The U.S. State Department released the 10th annual Trafficking in Persons Report today. It approximates that there are 12.3 million adults and children in forced labor, bonded labor, and forced prostitution around the world.

On a press phone call, Luis CdeBaca, Ambassador at large for Trafficking in Persons, called the word trafficking "rather unfortunate," when the reality is that it really means slavery. Translating trafficking rather than slavery into Spanish also causes problems when trying to raise awareness in Latin America.

The common image of trafficking is women forced into prostitution in Third World countries, though trafficking for labor is more common. The good news is that many developing countries have improved by enforcing laws and assisting victims, including Bosnia & Herzegovina, now a tier 1 state (the best) after years of being a tier 3 state (the worst).

The bad news is that even tier 1 states, like the United States, have a trafficking problem. Trafficking comes as close to home as the dinner plate in the United States. "The victim population in the U.S. has been majority Latino," CdeBaca said, mostly because of farm workers (this year it skewed to Thai farm workers in Hawaii because of a few large raids there).

He described the shift from African American to trafficked Latino farm labor in the Southeast as just a different type of slavery. The old plantation model has easily transitioned into industrial agriculture's factory farms–and these certainly aren't only in the Southeast.

It also hits the U.S. when you look at our foreign military aid. According to the New York Times, Somalia is using its U.S. funding to conscript child soldiers. As the U.S. military has learned in Afghanistan and Pakistan from Greg Mortenson, education works better than guns in fighting extremism, but Somalia still cannot offer its children an education. Sadly, the U.S. joins Somalia as the only two countries not to have signed the Convention on the Rights of the Child, which prohibits child soldiers.

But what can we do about trafficking, besides advocate for just immigration, farming, and foreign aid policy. Certainly awareness is important to uncover this issue that is so often "Hidden in plain sight," as we called our feature on it a few years ago.
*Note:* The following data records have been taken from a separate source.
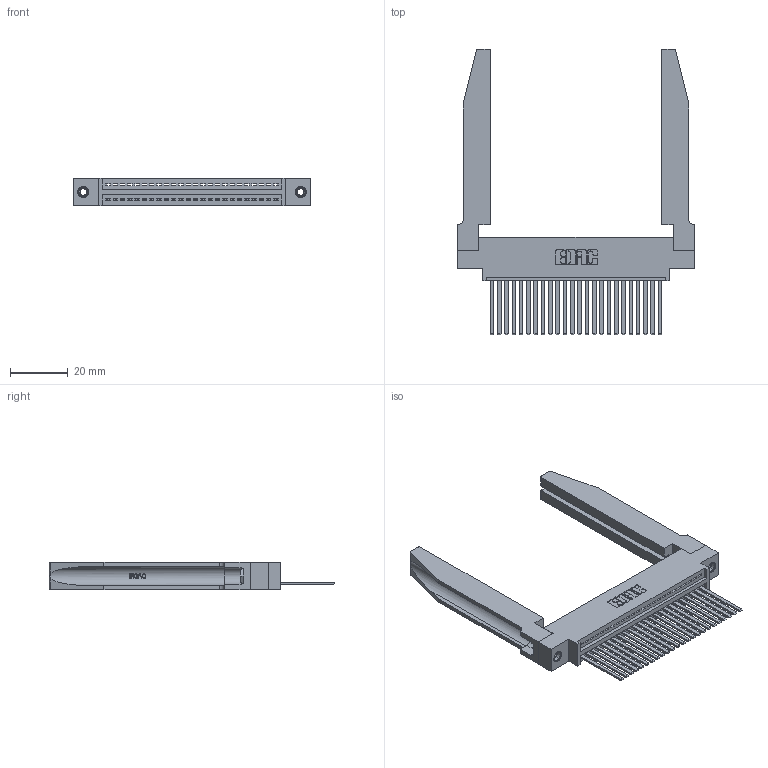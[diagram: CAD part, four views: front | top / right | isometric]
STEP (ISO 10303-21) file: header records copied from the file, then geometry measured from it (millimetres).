
FILE_DESCRIPTION (( 'STEP AP203' ), '1' );
FILE_NAME ('345-024-544-678.STEP', '2019-10-05T05:23:48', ( '' ), ( '' ), 'SwSTEP 2.0', 'SolidWorks 2016', '' );
FILE_SCHEMA (( 'CONFIG_CONTROL_DESIGN' ));
Length unit declared in the file: inch
Products named in the file (5): 345-292-001_345-293-144; 345 Part_0.170 Offset - 0.156 Dia-TH; 345-024-544-678; 345-220-078_345-220-078; 345-250-001_345-250-001-102
Assembly tree (29 placements, depth 2):
  345-024-544-678
    345 Part_0.170 Offset - 0.156 Dia-TH
    345-292-001_345-293-144  x24
    345-250-001_345-250-001-102  x2
    345-220-078_345-220-078  x2
Bounding box: 82.19 x 99.24 x 9.4 mm (x, y, z)
Volume: 15594.5 mm3; surface area: 17959.4 mm2
Topology: 29 solids, 29 shells, 1612 faces, 4753 edges, 3126 vertices
Faces by surface type: plane 1090, cylinder 470, bspline 36, cone 12, torus 4
Entity records: 25174 total; most frequent: CARTESIAN_POINT 5259, ORIENTED_EDGE 4114, DIRECTION 3623, EDGE_CURVE 2057, LINE 1739, VECTOR 1739, VERTEX_POINT 1364, AXIS2_PLACEMENT_3D 942
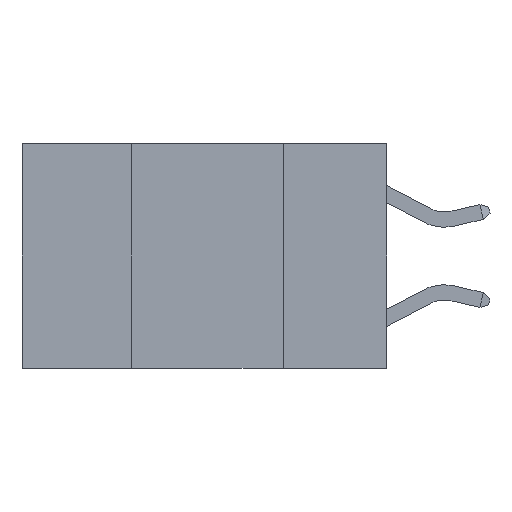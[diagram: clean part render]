
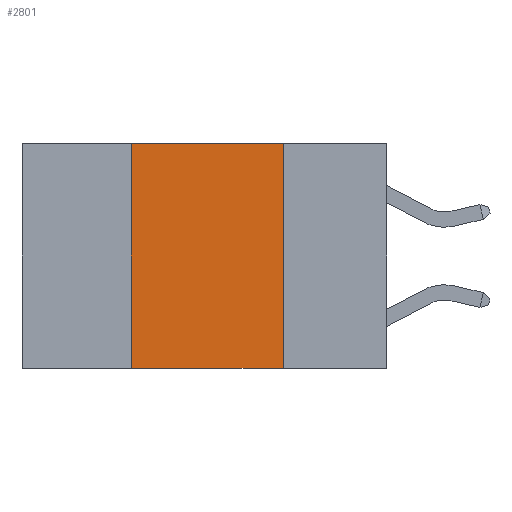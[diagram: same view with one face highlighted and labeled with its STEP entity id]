
A CAD part, left-side view. The second image highlights one B-rep face of the part: STEP entity #2801.
In plain terms, the highlighted planar face has unit normal (-1, 0, 0).
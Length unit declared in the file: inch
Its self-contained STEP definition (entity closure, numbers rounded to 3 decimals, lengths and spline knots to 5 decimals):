
#73 = LINE ( 'NONE', #8117, #2249 ) ;
#584 = PLANE ( 'NONE',  #9539 ) ;
#740 = VERTEX_POINT ( 'NONE', #1076 ) ;
#1076 = CARTESIAN_POINT ( 'NONE',  ( 0., 0.17, 0. ) ) ;
#1547 = DIRECTION ( 'NONE',  ( 1., 0., 0. ) ) ;
#1577 = CARTESIAN_POINT ( 'NONE',  ( 0., 0.17, 0. ) ) ;
#1616 = ORIENTED_EDGE ( 'NONE', *, *, #5048, .F. ) ;
#1716 = CARTESIAN_POINT ( 'NONE',  ( 0., 0.6, 0. ) ) ;
#1905 = ORIENTED_EDGE ( 'NONE', *, *, #5070, .T. ) ;
#2249 = VECTOR ( 'NONE', #2508, 39.37008 ) ;
#2508 = DIRECTION ( 'NONE',  ( 0., -1., 0. ) ) ;
#2510 = VECTOR ( 'NONE', #4977, 39.37008 ) ;
#2801 = ADVANCED_FACE ( 'NONE', ( #7140 ), #584, .F. ) ;
#3456 = LINE ( 'NONE', #1716, #9583 ) ;
#3843 = CARTESIAN_POINT ( 'NONE',  ( 0., 0.17, -0.37 ) ) ;
#3899 = ORIENTED_EDGE ( 'NONE', *, *, #3978, .F. ) ;
#3978 = EDGE_CURVE ( 'NONE', #7286, #740, #3456, .T. ) ;
#4861 = VERTEX_POINT ( 'NONE', #3843 ) ;
#4977 = DIRECTION ( 'NONE',  ( 0., 0., 1. ) ) ;
#4981 = LINE ( 'NONE', #1577, #6814 ) ;
#5048 = EDGE_CURVE ( 'NONE', #740, #4861, #4981, .T. ) ;
#5066 = EDGE_CURVE ( 'NONE', #8869, #7286, #8941, .T. ) ;
#5070 = EDGE_CURVE ( 'NONE', #8869, #4861, #73, .T. ) ;
#5641 = EDGE_LOOP ( 'NONE', ( #1616, #3899, #10239, #1905 ) ) ;
#5754 = DIRECTION ( 'NONE',  ( 0., 0., -1. ) ) ;
#6502 = CARTESIAN_POINT ( 'NONE',  ( 0., 0.6, 0. ) ) ;
#6814 = VECTOR ( 'NONE', #5754, 39.37008 ) ;
#6827 = CARTESIAN_POINT ( 'NONE',  ( 0., 0.42, 0. ) ) ;
#7140 = FACE_OUTER_BOUND ( 'NONE', #5641, .T. ) ;
#7273 = DIRECTION ( 'NONE',  ( 0., 0., -1. ) ) ;
#7286 = VERTEX_POINT ( 'NONE', #6827 ) ;
#8117 = CARTESIAN_POINT ( 'NONE',  ( 0., 0.6, -0.37 ) ) ;
#8242 = DIRECTION ( 'NONE',  ( 0., -1., 0. ) ) ;
#8869 = VERTEX_POINT ( 'NONE', #9378 ) ;
#8941 = LINE ( 'NONE', #10476, #2510 ) ;
#9378 = CARTESIAN_POINT ( 'NONE',  ( 0., 0.42, -0.37 ) ) ;
#9539 = AXIS2_PLACEMENT_3D ( 'NONE', #6502, #1547, #7273 ) ;
#9583 = VECTOR ( 'NONE', #8242, 39.37008 ) ;
#10239 = ORIENTED_EDGE ( 'NONE', *, *, #5066, .F. ) ;
#10476 = CARTESIAN_POINT ( 'NONE',  ( 0., 0.42, 0. ) ) ;
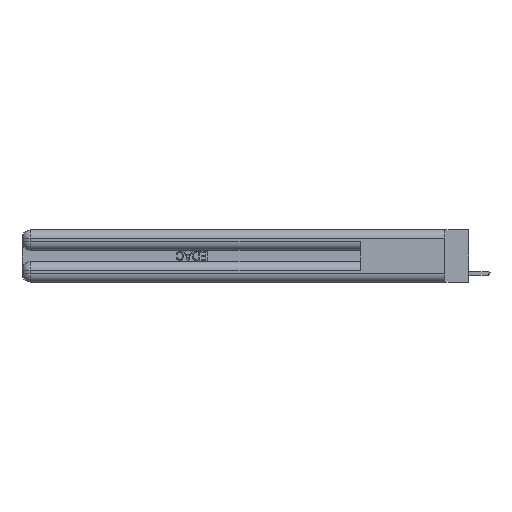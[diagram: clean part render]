
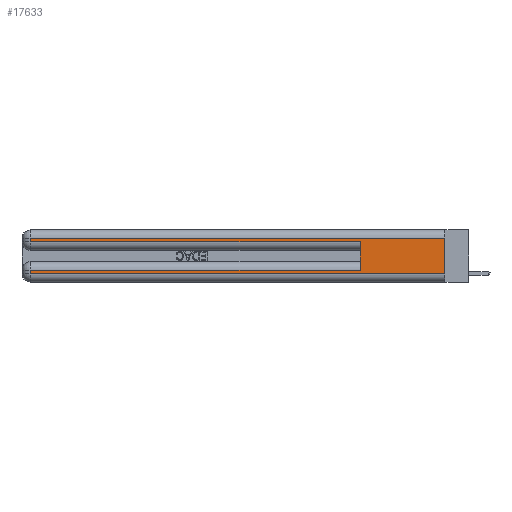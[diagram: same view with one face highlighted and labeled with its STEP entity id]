
A CAD part, left-side view. The second image highlights one B-rep face of the part: STEP entity #17633.
In plain terms, the highlighted planar face has unit normal (-1, 0, 0).
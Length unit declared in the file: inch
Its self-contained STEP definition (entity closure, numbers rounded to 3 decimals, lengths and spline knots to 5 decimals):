
#641 = VECTOR ( 'NONE', #13331, 39.37008 ) ;
#950 = EDGE_CURVE ( 'NONE', #28227, #15575, #28831, .T. ) ;
#1013 = ORIENTED_EDGE ( 'NONE', *, *, #950, .T. ) ;
#1043 = ORIENTED_EDGE ( 'NONE', *, *, #14454, .F. ) ;
#1107 = CARTESIAN_POINT ( 'NONE',  ( 0., 2.94, 0.37 ) ) ;
#2020 = LINE ( 'NONE', #31079, #28978 ) ;
#2485 = CARTESIAN_POINT ( 'NONE',  ( 0., 2.94, 0.06 ) ) ;
#2505 = DIRECTION ( 'NONE',  ( 0., 0., -1. ) ) ;
#2575 = EDGE_CURVE ( 'NONE', #14744, #28227, #7117, .T. ) ;
#2697 = VECTOR ( 'NONE', #6946, 39.37008 ) ;
#2810 = CARTESIAN_POINT ( 'NONE',  ( 0., 2.94, 0.285 ) ) ;
#6443 = ORIENTED_EDGE ( 'NONE', *, *, #20484, .T. ) ;
#6946 = DIRECTION ( 'NONE',  ( 0., 0., 1. ) ) ;
#7116 = CARTESIAN_POINT ( 'NONE',  ( 0., 2.94, 0.37 ) ) ;
#7117 = LINE ( 'NONE', #30505, #641 ) ;
#7347 = CARTESIAN_POINT ( 'NONE',  ( 0., 0., 0.31 ) ) ;
#7443 = VERTEX_POINT ( 'NONE', #2810 ) ;
#10768 = AXIS2_PLACEMENT_3D ( 'NONE', #20968, #20868, #21375 ) ;
#10940 = ORIENTED_EDGE ( 'NONE', *, *, #26989, .F. ) ;
#11584 = CARTESIAN_POINT ( 'NONE',  ( 0., 0.6, 0.145 ) ) ;
#11640 = DIRECTION ( 'NONE',  ( 0., 1., 0. ) ) ;
#11970 = DIRECTION ( 'NONE',  ( 0., -1., 0. ) ) ;
#12881 = DIRECTION ( 'NONE',  ( 0., -1., 0. ) ) ;
#13020 = VECTOR ( 'NONE', #14725, 39.37008 ) ;
#13331 = DIRECTION ( 'NONE',  ( 0., 1., 0. ) ) ;
#13482 = EDGE_LOOP ( 'NONE', ( #1043, #14948, #19260, #31737, #10940, #13559, #1013, #6443 ) ) ;
#13559 = ORIENTED_EDGE ( 'NONE', *, *, #2575, .T. ) ;
#13825 = EDGE_CURVE ( 'NONE', #7443, #26944, #21137, .T. ) ;
#14454 = EDGE_CURVE ( 'NONE', #25339, #22996, #23773, .T. ) ;
#14725 = DIRECTION ( 'NONE',  ( 0., 0., -1. ) ) ;
#14744 = VERTEX_POINT ( 'NONE', #28317 ) ;
#14948 = ORIENTED_EDGE ( 'NONE', *, *, #16146, .T. ) ;
#15000 = CARTESIAN_POINT ( 'NONE',  ( 0., 0., 0.37 ) ) ;
#15575 = VERTEX_POINT ( 'NONE', #2485 ) ;
#16146 = EDGE_CURVE ( 'NONE', #25339, #26511, #2020, .T. ) ;
#17244 = FACE_OUTER_BOUND ( 'NONE', #13482, .T. ) ;
#17633 = ADVANCED_FACE ( 'NONE', ( #17244 ), #25704, .F. ) ;
#18641 = DIRECTION ( 'NONE',  ( 0., 0., -1. ) ) ;
#18782 = LINE ( 'NONE', #11584, #2697 ) ;
#19260 = ORIENTED_EDGE ( 'NONE', *, *, #30399, .T. ) ;
#19402 = LINE ( 'NONE', #24932, #27963 ) ;
#19667 = CARTESIAN_POINT ( 'NONE',  ( 0., 2.94, 0.085 ) ) ;
#20484 = EDGE_CURVE ( 'NONE', #15575, #22996, #19402, .T. ) ;
#20737 = VECTOR ( 'NONE', #11970, 39.37008 ) ;
#20868 = DIRECTION ( 'NONE',  ( 1., 0., 0. ) ) ;
#20968 = CARTESIAN_POINT ( 'NONE',  ( 0., 0., 0.37 ) ) ;
#21137 = LINE ( 'NONE', #31800, #20737 ) ;
#21375 = DIRECTION ( 'NONE',  ( 0., 0., -1. ) ) ;
#22606 = VECTOR ( 'NONE', #2505, 39.37008 ) ;
#22996 = VERTEX_POINT ( 'NONE', #31133 ) ;
#23773 = LINE ( 'NONE', #15000, #22606 ) ;
#24932 = CARTESIAN_POINT ( 'NONE',  ( 0., 0., 0.06 ) ) ;
#25339 = VERTEX_POINT ( 'NONE', #7347 ) ;
#25704 = PLANE ( 'NONE',  #10768 ) ;
#26312 = CARTESIAN_POINT ( 'NONE',  ( 0., 0.6, 0.285 ) ) ;
#26511 = VERTEX_POINT ( 'NONE', #30052 ) ;
#26944 = VERTEX_POINT ( 'NONE', #26312 ) ;
#26989 = EDGE_CURVE ( 'NONE', #14744, #26944, #18782, .T. ) ;
#27963 = VECTOR ( 'NONE', #12881, 39.37008 ) ;
#28227 = VERTEX_POINT ( 'NONE', #19667 ) ;
#28317 = CARTESIAN_POINT ( 'NONE',  ( 0., 0.6, 0.085 ) ) ;
#28633 = LINE ( 'NONE', #1107, #29407 ) ;
#28831 = LINE ( 'NONE', #7116, #13020 ) ;
#28978 = VECTOR ( 'NONE', #11640, 39.37008 ) ;
#29407 = VECTOR ( 'NONE', #18641, 39.37008 ) ;
#30052 = CARTESIAN_POINT ( 'NONE',  ( 0., 2.94, 0.31 ) ) ;
#30399 = EDGE_CURVE ( 'NONE', #26511, #7443, #28633, .T. ) ;
#30505 = CARTESIAN_POINT ( 'NONE',  ( 0., 0., 0.085 ) ) ;
#31079 = CARTESIAN_POINT ( 'NONE',  ( 0., 0., 0.31 ) ) ;
#31133 = CARTESIAN_POINT ( 'NONE',  ( 0., 0., 0.06 ) ) ;
#31737 = ORIENTED_EDGE ( 'NONE', *, *, #13825, .T. ) ;
#31800 = CARTESIAN_POINT ( 'NONE',  ( 0., 0., 0.285 ) ) ;

I was surprised to see an ad against trafficking (pictured) on the el on my way home from work last week. It tells people to keep an eye out for those who might be victims, saying that you might be the only person he or she gets to talk to. There's an image, cut off in my picture, of a hotel worker making a bed. So are we supposed to asked hotel workers and others if they're a victim of trafficking? Sadly, this issue isn't solved that easily.